Small plots were allotted to children’s groups where they grew vegetables.
Drip irrigation, brought from Wardha was also tried in the tomato plot successfully. We also sowed coriander on a large scale specifically to raise money. The crop was great but the price was so low that it barely fetched the cost of seeds and transport.

The cow gave birth to a calf taking the tally of animals to 5. We got about 250 lit. milk for the mess.
1000 saplings of Garside, Sesbania, Papaya, perennial Tuwar, Jungle Jalebi, etc…were grown in the nursery which was set up in March 2008. Of these 700 saplings were planted by students and parents. Of these 400 were saved by the end of the term. It was a pleasure seeing the teamwork and dedication of the small children who took special interest in developing small plots of trees, where they sat for hours after classes.
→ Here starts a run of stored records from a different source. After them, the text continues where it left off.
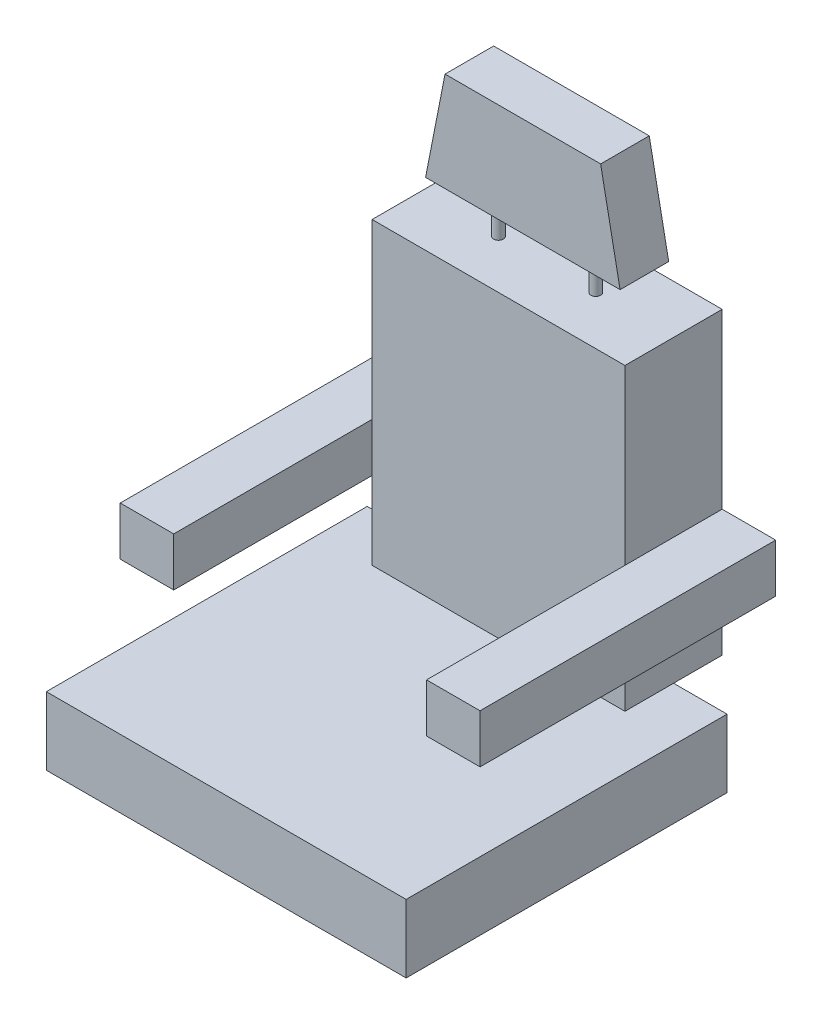
SolidWorks part; units mm, degrees
ref_plane "Front Plane" through (0, 0, 0) normal (0, 0, 1) x (1, 0, 0)
ref_plane "Top Plane" through (0, 0, 0) normal (0, 1, 0) x (1, 0, 0)
ref_plane "Right Plane" through (0, 0, 0) normal (1, 0, 0) x (0, 0, -1)
sketch "Sketch1" plane through (0, 0, 0) normal (0, 1, 0) x (1, 0, 0)
  line L1 (-234.95, 209.55) -> (234.95, 209.55)
  line L2 (-234.95, 209.55) -> (-234.95, -209.55)
  line L3 (-234.95, -209.55) -> (234.95, -209.55)
  line L4 (234.95, 209.55) -> (234.95, -209.55)
  line L5 (-234.95, 209.55) -> (234.95, -209.55) construction
  line L6 (-234.95, -209.55) -> (234.95, 209.55) construction
  point P0 (0, 0)
  dimension "D1" = 419.1
  dimension "D2" = 469.9
extrude "Boss-Extrude1" add sketch "Sketch1" along normal blind 88.9
ref_plane "Plane1" through (0, 0, -209.55) normal (0, 0, 1) x (1, 0, 0)
sketch "Sketch2" plane through (0, 0, -209.55) normal (0, 0, 1) x (1, 0, 0)
  line L1 (-165.1, 88.9) -> (165.1, 88.9)
  line L2 (-165.1, 88.9) -> (-165.1, 480.06)
  line L3 (-165.1, 480.06) -> (165.1, 480.06)
  line L4 (165.1, 88.9) -> (165.1, 480.06)
  point P5 (0, 88.9)
  dimension "D1" = 330.2
  dimension "D2" = 480.06
  dimension "D3" = 88.9
extrude "Boss-Extrude2" add sketch "Sketch2" along normal mid plane 127 separate body
sketch "Sketch3" plane through (165.1, 0, 0) normal (1, 0, 0) x (0, 0, -1)
  line L0 (273.05, 88.9) -> (273.05, 480.06) construction
  line L1 (273.05, 254) -> (-113.03, 254)
  line L2 (273.05, 254) -> (273.05, 190.5)
  line L3 (273.05, 190.5) -> (-113.03, 190.5)
  line L4 (-113.03, 254) -> (-113.03, 190.5)
  line L5 (146.05, 88.9) -> (146.05, 480.06) construction
  line L6 (-209.55, 88.9) -> (209.55, 88.9) construction
  dimension "D1" = 259.08
  dimension "D2" = 63.5
  dimension "D3" = 101.6
extrude "Boss-Extrude3" add sketch "Sketch3" along normal blind 69.85
mirror "Mirror1" about plane through (0, 0, 0) normal (1, 0, 0) of "Boss-Extrude3"
sketch "Sketch4" plane through (0, 480.06, 0) normal (0, 1, 0) x (1, 0, 0)
  line L0 (-165.1, 209.55) -> (165.1, 209.55) construction
  line L1 (-165.1, 146.05) -> (-165.1, 273.05) construction
  line L2 (165.1, 146.05) -> (165.1, 273.05) construction
  line L3 (0, 273.05) -> (0, 146.05) construction
  line L4 (165.1, 273.05) -> (-165.1, 273.05) construction
  line L5 (165.1, 146.05) -> (-165.1, 146.05) construction
  circle A0 centre (-63.5, 209.55) radius 6.35
  circle A1 centre (63.5, 209.55) radius 6.35
  dimension "D1" = 12.7
  dimension "D2" = 63.5
extrude "Boss-Extrude4" add sketch "Sketch4" along normal blind 50.8
sketch "Sketch5" plane through (0, 530.86, 0) normal (0, 1, 0) x (1, 0, 0)
  line L0 (-63.5, 209.55) -> (63.5, 209.55) construction
  line L2 (-127, 177.8) -> (127, 177.8)
  line L3 (-127, 177.8) -> (-127, 241.3)
  line L4 (-127, 241.3) -> (127, 241.3)
  line L5 (127, 177.8) -> (127, 241.3)
  line L6 (-127, 177.8) -> (127, 241.3) construction
  line L7 (-127, 241.3) -> (127, 177.8) construction
  point P4 (0, 209.55)
  dimension "D1" = 254
  dimension "D2" = 63.5
extrude "Boss-Extrude5" add sketch "Sketch5" along normal blind 129.54
sketch "Sketch6" plane through (0, 0, -177.8) normal (0, 0, 1) x (1, 0, 0)
  line L0 (-127, 530.86) -> (-101.6, 660.4)
  line L1 (0, 660.4) -> (0, 530.86) construction
  line L2 (127, 660.4) -> (127, 530.86)
  line L3 (127, 530.86) -> (101.6, 660.4)
  line L4 (-127, 530.86) -> (127, 530.86)
  line L5 (127, 530.86) -> (127, 660.4)
  line L6 (127, 660.4) -> (-127, 660.4)
  line L7 (-127, 660.4) -> (-127, 530.86)
  line L8 (-127, 530.86) -> (127, 530.86)
  line L9 (127, 530.86) -> (127, 660.4)
  line L10 (127, 660.4) -> (-127, 660.4)
  line L11 (-127, 660.4) -> (-127, 530.86)
  line M7 (127, 530.86) -> (127, 660.4)
  line M8 (127, 660.4) -> (-127, 660.4)
  line M9 (-127, 660.4) -> (-127, 530.86)
  dimension "D2" = 25.4
  dimension "D1" = 0
extrude "Cut-Extrude1" cut sketch "Sketch6" against normal blind 129.54 contours L3 M7 M8 | L0 M9 M8

A nursery has been made to develop plants for the next season.
Contact with Surrounding Villages
Baal Melas - Baal Melas, performed in villages engaged nearly 400 children for the whole day in various fun and science activities.
Cycle yatra : 12 students from Adharshila went on a 5- day cycle yaatra which covered 200 km .The main purpose of cycle yatra was to learn about the state of education in the villages. Students held meetings, sang songs and exhibited posters.
Youth Groups : A dialogue with the youth of Sakad village was started by the volunteers. Though a concrete group did not form but a good relationship was formed.
Reaching out
3 Participation in dharna : About 30 students of middle and high school of Adharshila participated in a protest against irregularities in the running of the PDS shops of the area smoothly.
3 Our music team performed in front of a 25,000 people at the NBA rally in Khandwa.
3 Adharshila's Naatak India Company performed yet another hit play in the Barela Pawra Adivasi Sammelan held at Pansemal.
3 A meeting for the members of Jagrit Adivasi Dalit Sangathan, M.P. was held to explain to them the problems of the present education system and ways of bringing about change in it. The theme was explained with the help of songs and a poster exhibition. They have decided to start a people's school.
3 A teacher and two students were invited to be facilitators of a children’s workshop on craft hosted by the NGO Muskaan in Bhopal.
3 Three other students represented Adharshila at a crafts workshop hosted by the Rani Kajal Learning Centre in Kakrana. They also took the opportunity to explore the history of people’s movements in the area.
3 We volunteered to make a ring tone and record songs for the election campaign of an independent candidate.
3 Jayashree went to the women's workshop in Nagpur as a resource person.
3 Amit was called to deliver a key lecture on Work and Education in a state level workshop held by NCERT, in Bhopal

Health Awareness amongst students and community
Primary health is one of the subjects which have been pursuing keenly. This year we took a number of steps to increase awareness about health issues amongst the students of Adharshila and surrounding villages.
3 This year too the middle school children studied primary health as a subject. Primers prepared by reputed organizations working in the health sector viz. CEHAT, Nirantar and VHAI were used.
3 The exhibition on malnutrition was shown in schools in surrounding villages. The exhibition was also shown during the cycle yaatra. The villagers watched the exhibition with great interest and had a lot of questions for the children.
3 Rinchin, from Bhopal who is active in campaigning for various health issues conducted a 3 day workshop for elder children. She did a body mapping exercise and explained the principles of preventive health to them.
3 Two students chose to take health related topics for preparing project reports for their final evaluation.
3 One student went to Gujarat and stayed for 15 days in a rural hospital run by Arch Vahini a reputed NGO working in the health sector. He used the skills learnt there throughout the year dressing wounds not just of children but elders also.
3 At least three discussions were organized with the senior students on health related issues. One of these discussions related to the debate in the parliament regarding giving biscuits to children instead of mid day meals. Another related to chronic malnutrition in a district of MP and the govt. decision to give them special nutrient drops to be mixed in the dough to fight malnutrition. Very interesting and heated discussions took place.
3 A book on malnutrition has been published based on a food availability study done by students in surrounding villages.
3 We started the process of making guidelines for a health curriculum for primary and middle classes.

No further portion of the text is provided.